Given records
________________
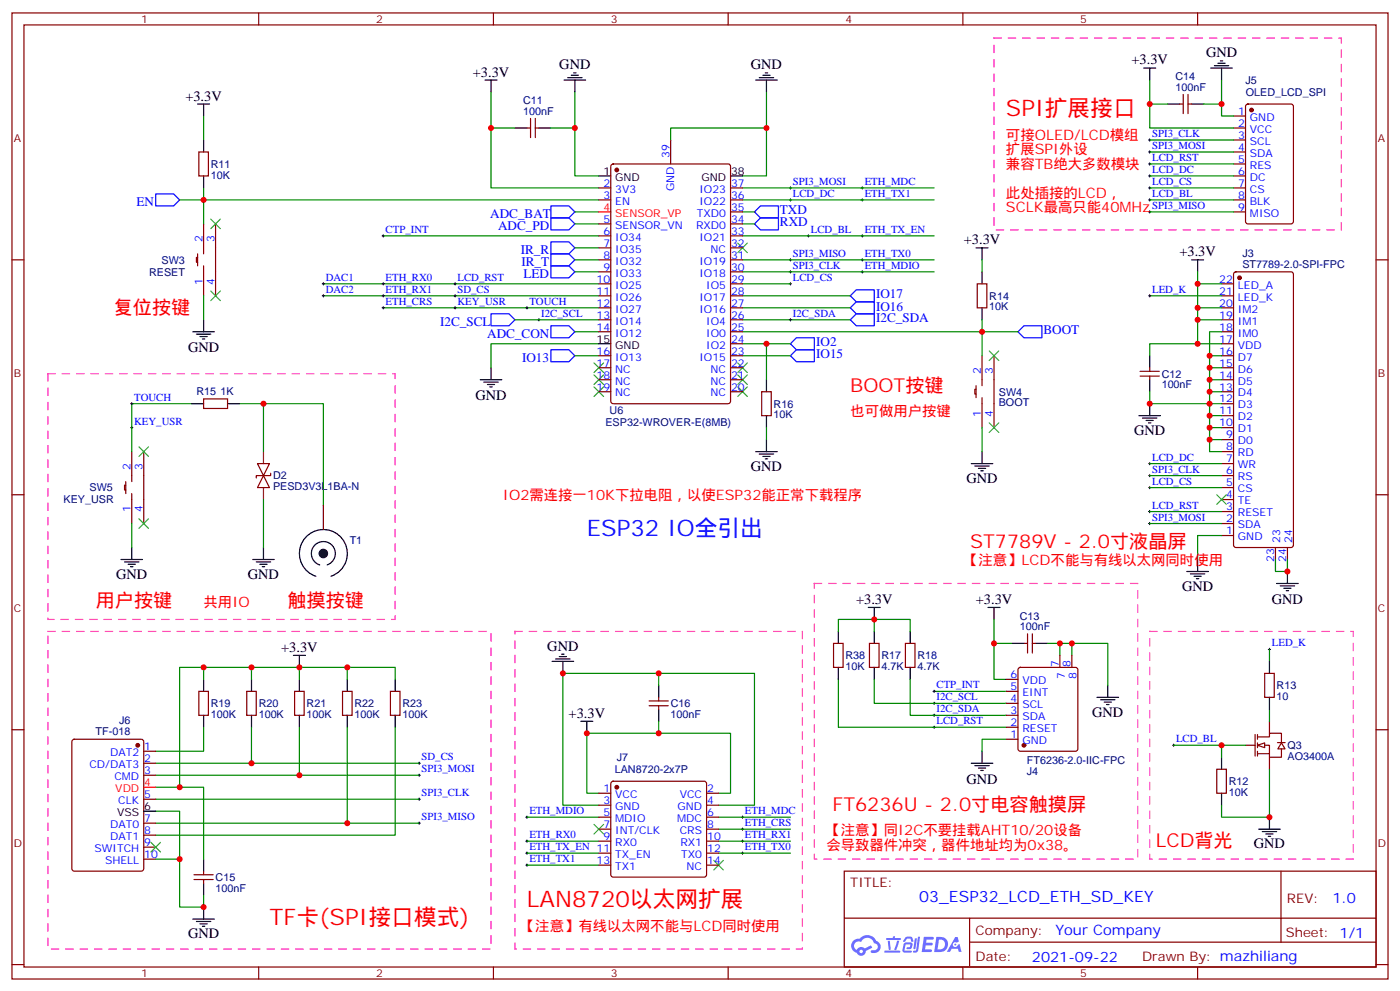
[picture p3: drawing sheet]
<svg xmlns="http://www.w3.org/2000/svg" width="412mm" height="292mm" viewBox="0 0 412 292" stroke-linecap="round" stroke-linejoin="round" font-family="sans-serif">
<g fill="none" stroke="#870000" stroke-width=".35">
<path d="M3.5 3.8h405.4v284.3h-405.4zM7.1 7.3h398.2v277.3h-398.2zM76.2 3.8v3.5M145.3 3.8v3.5M214.5 3.8v3.5M283.6 3.8v3.5M352.8 3.8v3.5M3.5 76.5h3.6M405.3 76.5h3.6M3.5 145.6h3.6M405.3 145.6h3.6M3.5 214.8h3.6"/>
<path d="M405.3 214.8h3.6M248.7 256.4h156.6v28.2h-156.6zM377.3 256.4v20.9M248.7 270.2h156.5M285.6 277.3h119.6M285.6 270.2v14.2M3.5 283.9h3.6M76.2 284.6v3.5M145.3 284.6v3.5M214.5 284.6v3.5M283.6 284.6v3.5M352.8 284.6v3.5"/>
<path d="M405.3 283.9h3.6"/>
</g>
<g fill="#5487ff">
<path d="M272.1 275.7h2.6l.3 .2-.1 .6h-2l-.1 1h1.6l.4 .4-.4 .4h-1.7l-.2 1.1 1.8 .1 .3 .3-.2 .4h-2.9z"/>
<path d="M281.4 275.8h.7l.4 1.3-.7 .3a.74 .74 0 0 0-1.1 .3 .74 .74 0 0 0 .5 1.1 .74 .74 0 0 0 .9-.7l.5-.3 .7 2.4h-.9l-.2-1h-1.9l-.5 1h-.9z"/>
<path d="M269.5 276.2h.6l-.4 2.9a.31 .31 0 0 1-.3 .3 .31 .31 0 0 1-.3-.3z"/>
<path d="M270.4 275.7h.6l-.5 4a.89 .89 0 0 1-.7 .7 .89 .89 0 0 1-.9-.3l1-.5z"/>
<path d="M266.8 275.9l.6-.2 1.2 .1 .5 1.3-.6 .1-.4-.9-1 .1a.95 .95 0 0 1-1 .8l-.1-.2z"/>
<path d="M266.4 277.6l1.8-.2a1.04 1.04 0 0 1 .6 1.1 1.04 1.04 0 0 1-.8 .9h-.7a.29 .29 0 0 1-.3-.4 .29 .29 0 0 1 .3-.2h.7l.2-.8h-1.4l-.4 1.8h1.9a.29 .29 0 0 1 .3 .3 .29 .29 0 0 1-.3 .3h-2l-.4-.3 .2-2.1z"/>
<path d="M260.5 279.8h4.4a.3 .3 0 0 1 .3 .3 .3 .3 0 0 1-.3 .3h-4.3z"/>
<path d="M264.3 276.9h.6l-.5 1.6a1.02 1.02 0 0 1-.7 1.2l-.2-.3z"/>
<path d="M261.5 276.9h.6l.3 2.4-.3 .3-.3-.2z"/>
<path d="M261.1 276.1h1.9l.2-.5h.5l-.1 .5h1.5a.29 .29 0 0 1 .3 .3 .29 .29 0 0 1-.3 .3h-3.9z"/>
<path d="M275.8 275.7l-.6 4.5h1.4a2.27 2.27 0 0 0 2.7-2.3 2.27 2.27 0 0 0-2.7-2.2zM276.6 276.5a1.5 1.5 0 0 1 1.8 1.6 1.5 1.5 0 0 1-1.9 1.3h-.3z"/>
<path d="M251.4 276.9a2.09 2.09 0 0 0 1 3.5 1.37 1.37 0 0 0 1.5 .9 1.37 1.37 0 0 0 1.1-1.4l2-1-.5-.7-1.8 1a1.4 1.4 0 0 0-2.3 .4 1.32 1.32 0 0 1-.6-1.9 1.32 1.32 0 0 1 1.9-.4 2.02 2.02 0 0 1 2-1.3 2.02 2.02 0 0 1 1.8 1.6 1.09 1.09 0 0 1 1.1 1.4 1.09 1.09 0 0 1-1.6 .7 .41 .41 0 0 0-.5 .3 .41 .41 0 0 0 .4 .5 1.89 1.89 0 0 0 2.4-1.2 1.89 1.89 0 0 0-1.2-2.4 2.98 2.98 0 0 0-5-.6l-1 .1zM253.2 280a.52 .52 0 0 1 1 0 .52 .52 0 0 1-1 0z"/>
<circle cx="281.4" cy="278" r=".28"/>
</g>
<path d="M175 113.9l2.8 2.8M175 110.3l2.8 2.9M175 106.8l2.8 2.8M177.8 113.9l-2.8 2.8M177.8 110.3l-2.8 2.9M177.8 106.8l-2.8 2.8M217.3 113.9l2.8 2.8M217.3 110.3l2.8 2.9M217.3 106.8l2.8 2.8M220.1 113.9l-2.8 2.8M220.1 110.3l-2.8 2.9M220.1 106.8l-2.8 2.8" fill="none" stroke="#3c3" stroke-width=".35"/>
<g fill="none" stroke="#870000" stroke-width=".35">
<path d="M155.2 37.7h1.1M156.3 34.9v5.6M157.7 34.9v5.6M157.7 37.7h1M58.6 44.7h2.8v7.1h-2.8zM58.2 75.8h-.3v1.4h.3M58.2 74.7v3.5M60 65.9v8.8M60 78.2v8.9M63.5 65.9v21.2M359.8 83.5h3.6M359.8 87.1h3.6"/>
<path d="M359.8 90.6h3.6M359.8 94.1h3.6M359.8 97.6h3.6M363.6 80.2l.5-.2h16.2l.6 .4 .1 80-.2 .5-.5 .2h-16.2l-.5-.2-.2-.5v-79.7zM359.8 101.2h3.6M359.8 104.7h3.6M359.8 108.2h3.6M359.8 111.8h3.6M359.8 115.3h3.6M359.8 118.8h3.6M359.8 122.3h3.6M359.8 125.9h3.6"/>
<path d="M359.8 129.4h3.6M359.8 132.9h3.6M359.8 136.5h3.6M359.8 140h3.6M359.8 143.5h3.6M359.8 147h3.6M359.8 150.6h3.6M359.8 154.1h3.6M359.8 157.6h3.6M375.7 161.1v3.6M379.2 161.1v3.6M366.9 219.4h2.8"/>
<path d="M369.7 216.2v6.3M370.4 219.4h3.5v3.5h3.6v-2.5M370.4 216.9h3.5v-1.1h3.6v2.9M370.4 216.2v1.4M370.4 218.7v1.4M373.9 212.3v3.5M376.3 218.6h2.3M377.5 218.7l1 1.7h-2.1zM370.4 221.1v1.4M370.4 221.8h3.5M373.9 222.9v3.5"/>
</g>
<g fill="none" stroke="#000" stroke-width=".35">
<path d="M142.9 23.6h3.5M144.6 23.6v3.5M151.7 37.7h3.5M158.7 37.7h3.6M166.2 23.6h6.3M167.2 22.9h4.2M168.3 22.2h2.1M169 21.4h.7M169.3 23.6v3.5M222.6 23.6h6.4M223.7 22.9h4.2M224.7 22.2h2.1"/>
<path d="M225.4 21.4h.7M225.8 23.6v3.5M60 41.2v3.5M60 51.8v3.5M56.8 97.6h6.3M57.9 98.4h4.2M58.9 99.1h2.1M59.6 99.8h.7M60 94.1v3.5M141.5 111.8h6.3M142.5 112.5h4.3M143.6 113.2h2.1"/>
<path d="M144.3 113.9h.7M144.6 108.2v3.6"/>
</g>
<path d="M144.6 27.1v28.2h31.8M144.6 37.7h7.1M162.3 37.7h7M169.3 27.1v24.7h7.1M225.8 27.1v24.7h-7.1M52.9 58.8h7.1v7.1M60 55.3v3.5h116.4M169.3 62.4h7.1M169.3 65.9h7.1M95.2 83.5h81.2M95.2 87.1h81.2M112.9 90.6h63.5" fill="none" stroke="#008700" stroke-width=".35"/>
<path d="M45.9 57.1h5.3l1.7 1.7-1.7 1.8h-5.3zM162.3 60.6h5.3l1.7 1.8-1.7 1.7h-5.3zM162.3 64.1h5.3l1.7 1.8-1.7 1.8h-5.3zM162.3 71.2h5.3l1.7 1.8-1.7 1.7h-5.3zM162.3 74.7h5.3l1.7 1.8-1.7 1.7h-5.3zM162.3 78.2h5.3l1.7 1.8-1.7 1.8h-5.3zM162.3 95.9h5.3l1.7 1.7-1.7 1.8h-5.3zM250.5 87.1l1.7-1.8h5.3v3.5h-5.3zM250.5 90.6l1.7-1.8h5.3v3.6h-5.3z" fill="none" stroke="#00f" stroke-width=".35"/>
<g fill="none" stroke="#000" stroke-width=".29">
<path d="M232.5 58.8h.7M232.8 58.5v.7M253.6 55.3h.8M253.6 58.8h.8M254 55v.7M254 58.5v.7M237.8 69.4h.7M238.1 69.1v.7M253.6 69.4h.8M253.6 76.5h.8M254 69.1v.7M254 76.1v.7"/>
<path d="M254 79.7v.7M112.5 83.5h.7M112.5 87.1h.7M112.5 90.6h.7M112.9 83.2v.7M112.9 86.7v.7M112.9 90.2v.7M133.7 83.5h.7M133.7 87.1h.7M133.7 90.6h.7M134.1 83.2v.7M134.1 86.7v.7"/>
<path d="M134.1 90.2v.7M232.5 83.5h.7M232.8 83.2v.7M253.6 80h.8M38.5 125.9h.7M38.8 125.5v.7M338.3 136.5h.7M338.7 136.1v.7M338.3 143.5h.7M338.3 150.6h.7M338.7 143.2v.7M338.7 150.2v.7"/>
<path d="M345.4 219.4h.7M345.7 219v.7M123.1 224.6h.7M123.5 224.3v.7M154.9 240.5h.7M154.9 251.1h.7M154.9 254.6h.7M154.9 247.6h.7M155.2 240.2v.7M155.2 247.2v.7M155.2 250.8v.7M155.2 254.3v.7"/>
<path d="M218.4 240.5h.7M218.4 251.1h.7M218.4 244.1h.7M218.4 247.6h.7M218.7 240.2v.7M218.7 243.7v.7M218.7 247.2v.7M218.7 250.8v.7"/>
</g>
<circle cx="365.1" cy="81.8" r=".53" fill="#870000" stroke="#870000" stroke-width=".35"/>
<path d="M370.4 219.4l2.1-.7v1.4z" fill="#fff" stroke="#870000" stroke-width=".35"/>
<g fill="none" stroke="#000" stroke-width=".35">
<path d="M357.7 19.3h4.2M358.8 18.6h2.1M359.5 17.9h.7M58.2 30.6h3.5M60 30.6v3.5M336.9 20h3.5M338.7 20v3.6M344 30.6h3.5M351 30.6h3.5M356.7 20h6.3M359.8 20v3.6M176.4 51.8h3.5"/>
<path d="M215.2 51.8h3.5M287.5 73h3.5M289.3 73v3.5M351 76.5h3.5M352.8 76.5v3.5M289.3 80v3.5M289.3 90.6v3.5M56.4 118.8h3.6M67 118.8h3.6M176.4 101.2h3.5M225.8 111.8v3.5M338.7 104.7v3.5"/>
<path d="M338.7 111.8v3.5M338.7 118.8v3.5M222.6 132.9h6.4M223.7 133.6h4.2M224.7 134.3h2.1M225.4 135h.7M225.8 122.3v3.6M225.8 129.4v3.5M286.1 136.5h6.4M287.2 137.2h4.2M288.2 137.9h2.1M288.9 138.6h.7"/>
<path d="M289.3 132.9v3.6M335.5 122.3h6.3M336.5 123h4.3M337.6 123.8h2.1M338.3 124.5h.7M35.6 164.7h6.4M36.7 165.4h4.2M37.7 166.1h2.2M38.5 166.8h.7M38.8 161.1v3.6M74.4 164.7h6.4M75.5 165.4h4.2"/>
<path d="M76.6 166.1h2.1M77.3 166.8h.7M77.6 161.1v3.6M96.4 166.3a3.5 3.5 0 0 0 1.7-5.5 3.5 3.5 0 0 0-5.7 .1 3.5 3.5 0 0 0 1.8 5.4M97.5 169.6a7.1 7.1 0 0 0 3.4-10.9 7.1 7.1 0 0 0-11.4 .1 7.1 7.1 0 0 0 3.5 10.8M255.8 178.8h3.5M257.5 178.8v3.5M291 178.8h3.6M292.8 178.8v3.5M349.6 168.2h6.4M350.7 168.9h4.2M351.7 169.6h2.1"/>
<path d="M352.4 170.3h.7M352.8 164.7v3.5M376.1 171.7h6.3M377.1 172.4h4.3M378.2 173.1h2.1M378.9 173.8h.7M379.2 168.2v3.5M60 200v3.5M74.1 200v3.5M86.4 192.9h3.6M88.2 192.9v3.5M88.2 200v3.5"/>
<path d="M102.3 200v3.5M116.4 200v3.5M162.6 194.7h6.4M163.7 194h4.2M164.7 193.3h2.2M165.5 192.5h.7M165.8 194.7v3.5M246.9 185.8v3.6M246.9 196.4v3.6M257.5 185.8v3.6M257.5 196.4v3.6M268.1 185.8v3.6"/>
<path d="M268.1 196.4v3.6M298.1 189.4h3.5M305.2 189.4h3.5M373.9 194.7v3.5M60 210.5v3.6M74.1 210.5v3.6M88.2 210.5v3.6M102.3 210.5v3.6M116.4 210.5v3.6M171.1 212.3h3.5M172.9 212.3v3.5M194 201.7v3.5"/>
<path d="M194 208.8v3.5M323.1 205.2h6.4M324.2 206h4.2M325.3 206.7h2.1M326 207.4h.7M326.3 201.7v3.5M373.9 205.2v3.6M42.3 238.8h3.6M286.1 224.6h6.4M287.2 225.4h4.2M288.2 226.1h2.1M288.9 226.8h.7"/>
<path d="M289.3 221.1v3.5M359.8 222.9v3.5M359.8 233.5v3.5M60 252.9v3.5M60 259.9v3.6M370.8 244.1h6.3M371.8 244.8h4.3M372.9 245.5h2.1M373.6 246.2h.7M373.9 240.5v3.6M56.8 270.5h6.3M57.9 271.2h4.2"/>
<path d="M58.9 271.9h2.1M59.6 272.6h.7M60 267v3.5"/>
</g>
<g fill="none" stroke="#870000" stroke-width=".35">
<path d="M347.5 30.6h1M348.5 27.8v5.6M350 27.8v5.6M350 30.6h1M363.4 34.1h3.5M363.4 37.7h3.5M367.1 30.8l.5-.2h12.7l.6 .5 .1 34.1-.5 .6-12.9 .1-.7-.5v-34.1zM176.4 55.3h3.5M176.4 58.8h3.5M180.2 48.5l.4-.2h33.9l.6 .4 .1 69.4-.5 .7h-34.1l-.6-.4-.1-69.4zM197.6 41.2v7.1M215.2 55.3h3.5"/>
<path d="M215.2 58.8h3.5M363.4 41.2h3.5M363.4 44.7h3.5M363.4 48.3h3.5M363.4 51.8h3.5M363.4 55.3h3.5M363.4 58.8h3.5M176.4 65.9h3.5M176.4 69.4h3.5M176.4 73h3.5M176.4 76.5h3.5M215.2 62.4h3.5"/>
<path d="M215.2 65.9h3.5M215.2 69.4h3.5M215.2 73h3.5M215.2 76.5h3.5M363.4 62.4h3.5M176.4 80h3.5M176.4 83.5h3.5M176.4 87.1h3.5M176.4 90.6h3.5M176.4 94.1h3.5M176.4 97.6h3.5M215.2 80h3.5"/>
<path d="M215.2 83.5h3.5M215.2 87.1h3.5M215.2 90.6h3.5M215.2 94.1h3.5M215.2 97.6h3.5M287.9 83.5h2.8v7.1h-2.8zM60 117.4h7v2.8h-7zM176.4 104.7h3.5M176.4 108.2h3.5M176.4 111.8h3.5M176.4 115.3h3.5M215.2 101.2h3.5"/>
<path d="M215.2 104.7h3.5M215.2 108.2h3.5M215.2 111.8h3.5M215.2 115.3h3.5M224.4 115.3h2.8v7h-2.8zM287.5 114.6h-.3v1.4h.3M287.5 113.5v3.6M289.3 104.7v8.8M289.3 117.1v8.8M292.8 104.7v21.2M335.8 110.7h5.7M335.8 109.3h5.7"/>
<path d="M338.7 108.2v1.1M338.7 110.7v1.1M38.8 132.9v8.8M42.3 132.9v21.2M75.8 136.5h3.6l-1.8 3.5zM77.6 140l1.8 3.5h-3.6zM79.7 139.3v.7h-4.2v.7M37 142.8h-.3v1.4h.3M37 141.7v3.6M38.8 145.3v8.8M95.2 148.8v7.1M245.5 189.4h2.9v7h-2.9z"/>
<path d="M256.1 189.4h2.8v7h-2.8zM266.7 189.4h2.8v7h-2.8zM296.3 200h3.6M300.1 196.6l.5-.2h16.2l.5 .2 .2 .5v23.3l-.2 .5-.5 .2h-16.2l-.5-.2-.2-.5v-23.3zM301.6 189.4h1.1M302.7 186.5v5.7M304.1 186.5v5.7M304.1 189.4h1.1M312.2 192.9v3.5M315.7 192.9v3.5M372.5 198.2h2.9v7h-2.9zM21.4 217.8l.5-.2h19.7l.7 .4v37.7l-.4 .6-20 .1-.7-.5v-37.6z"/>
<path d="M58.6 203.5h2.8v7h-2.8zM72.7 203.5h2.8v7h-2.8zM86.8 203.5h2.8v7h-2.8zM100.9 203.5h2.8v7h-2.8zM115 203.5h2.8v7h-2.8zM191.2 207.7h5.6M191.2 206.3h5.6M194 205.2v1.1M194 207.7v1.1M296.3 217.6h3.6M296.3 214.1h3.6M296.3 210.5h3.6"/>
<path d="M296.3 207h3.6M296.3 203.5h3.6M42.3 221.1h3.6M42.3 224.6h3.6M42.3 228.2h3.6M42.3 235.2h3.6M176.4 233.5h3.5M176.4 237h3.5M180.2 230.1l.4-.2h26.8l.5 .2 .2 .5v26.9l-.2 .5-.5 .2h-26.8l-.5-.3-.2-.4v-26.9zM208.1 233.5h3.6M208.1 237h3.6M358.4 226.4h2.8v7.1h-2.8z"/>
<path d="M42.3 242.3h3.6M42.3 245.8h3.6M42.3 249.3h3.6M42.3 252.9h3.6M57.1 258.9h5.7M57.1 257.5h5.7M60 256.4v1.1M60 258.9v1M176.4 254.6h3.5M176.4 251.1h3.5M176.4 240.5h3.5M176.4 247.6h3.5"/>
<path d="M176.4 244.1h3.5M208.1 254.6h3.6M208.1 251.1h3.6M208.1 240.5h3.6M208.1 247.6h3.6M208.1 244.1h3.6"/>
</g>
<g fill="none" stroke="#008700" stroke-width=".35">
<path d="M60 34.1v7.1M225.8 37.7h-28.2v3.5M338.7 23.6v14.1h24.7M338.7 30.6h5.3M354.5 30.6h5.3M359.8 23.6v10.5h3.6M218.7 58.8h56.5M218.7 55.3h56.5M338.7 58.8h24.7M338.7 55.3h24.7M338.7 41.2h24.7M338.7 44.7h24.7"/>
<path d="M338.7 48.3h24.7M338.7 51.8h24.7M112.9 69.4h63.5M169.3 76.5h7.1M169.3 73h7.1M218.7 69.4h56.5M218.7 76.5h56.5M218.7 62.4h3.5M218.7 65.9h3.5M289.3 76.5v3.5M338.7 62.4h24.7M60 87.1v7"/>
<path d="M151.7 94.1h24.7M169.3 80h7.1M169.3 97.6h7.1M218.7 87.1h31.8M218.7 90.6h31.8M218.7 83.5h14.1M218.7 80h56.5M218.7 94.1h31.8M218.7 97.6h81.2M289.3 94.1v10.6M338.7 87.1h21.1M352.8 80v3.5h7"/>
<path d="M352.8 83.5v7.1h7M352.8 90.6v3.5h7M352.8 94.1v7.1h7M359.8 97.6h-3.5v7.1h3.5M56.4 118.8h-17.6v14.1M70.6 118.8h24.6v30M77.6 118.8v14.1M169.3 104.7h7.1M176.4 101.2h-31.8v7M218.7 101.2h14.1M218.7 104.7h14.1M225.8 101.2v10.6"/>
________________
About this task
Using the listing above, copy exactly the line that contains "275.7h2.6l.3 .2-.1 .6h-2l-.1", the line that contains "275.7l-.6 4.5h1.4a2.27 2.27", and each line that falls between them.

Exercise result
<path d="M272.1 275.7h2.6l.3 .2-.1 .6h-2l-.1 1h1.6l.4 .4-.4 .4h-1.7l-.2 1.1 1.8 .1 .3 .3-.2 .4h-2.9z"/>
<path d="M281.4 275.8h.7l.4 1.3-.7 .3a.74 .74 0 0 0-1.1 .3 .74 .74 0 0 0 .5 1.1 .74 .74 0 0 0 .9-.7l.5-.3 .7 2.4h-.9l-.2-1h-1.9l-.5 1h-.9z"/>
<path d="M269.5 276.2h.6l-.4 2.9a.31 .31 0 0 1-.3 .3 .31 .31 0 0 1-.3-.3z"/>
<path d="M270.4 275.7h.6l-.5 4a.89 .89 0 0 1-.7 .7 .89 .89 0 0 1-.9-.3l1-.5z"/>
<path d="M266.8 275.9l.6-.2 1.2 .1 .5 1.3-.6 .1-.4-.9-1 .1a.95 .95 0 0 1-1 .8l-.1-.2z"/>
<path d="M266.4 277.6l1.8-.2a1.04 1.04 0 0 1 .6 1.1 1.04 1.04 0 0 1-.8 .9h-.7a.29 .29 0 0 1-.3-.4 .29 .29 0 0 1 .3-.2h.7l.2-.8h-1.4l-.4 1.8h1.9a.29 .29 0 0 1 .3 .3 .29 .29 0 0 1-.3 .3h-2l-.4-.3 .2-2.1z"/>
<path d="M260.5 279.8h4.4a.3 .3 0 0 1 .3 .3 .3 .3 0 0 1-.3 .3h-4.3z"/>
<path d="M264.3 276.9h.6l-.5 1.6a1.02 1.02 0 0 1-.7 1.2l-.2-.3z"/>
<path d="M261.5 276.9h.6l.3 2.4-.3 .3-.3-.2z"/>
<path d="M261.1 276.1h1.9l.2-.5h.5l-.1 .5h1.5a.29 .29 0 0 1 .3 .3 .29 .29 0 0 1-.3 .3h-3.9z"/>
<path d="M275.8 275.7l-.6 4.5h1.4a2.27 2.27 0 0 0 2.7-2.3 2.27 2.27 0 0 0-2.7-2.2zM276.6 276.5a1.5 1.5 0 0 1 1.8 1.6 1.5 1.5 0 0 1-1.9 1.3h-.3z"/>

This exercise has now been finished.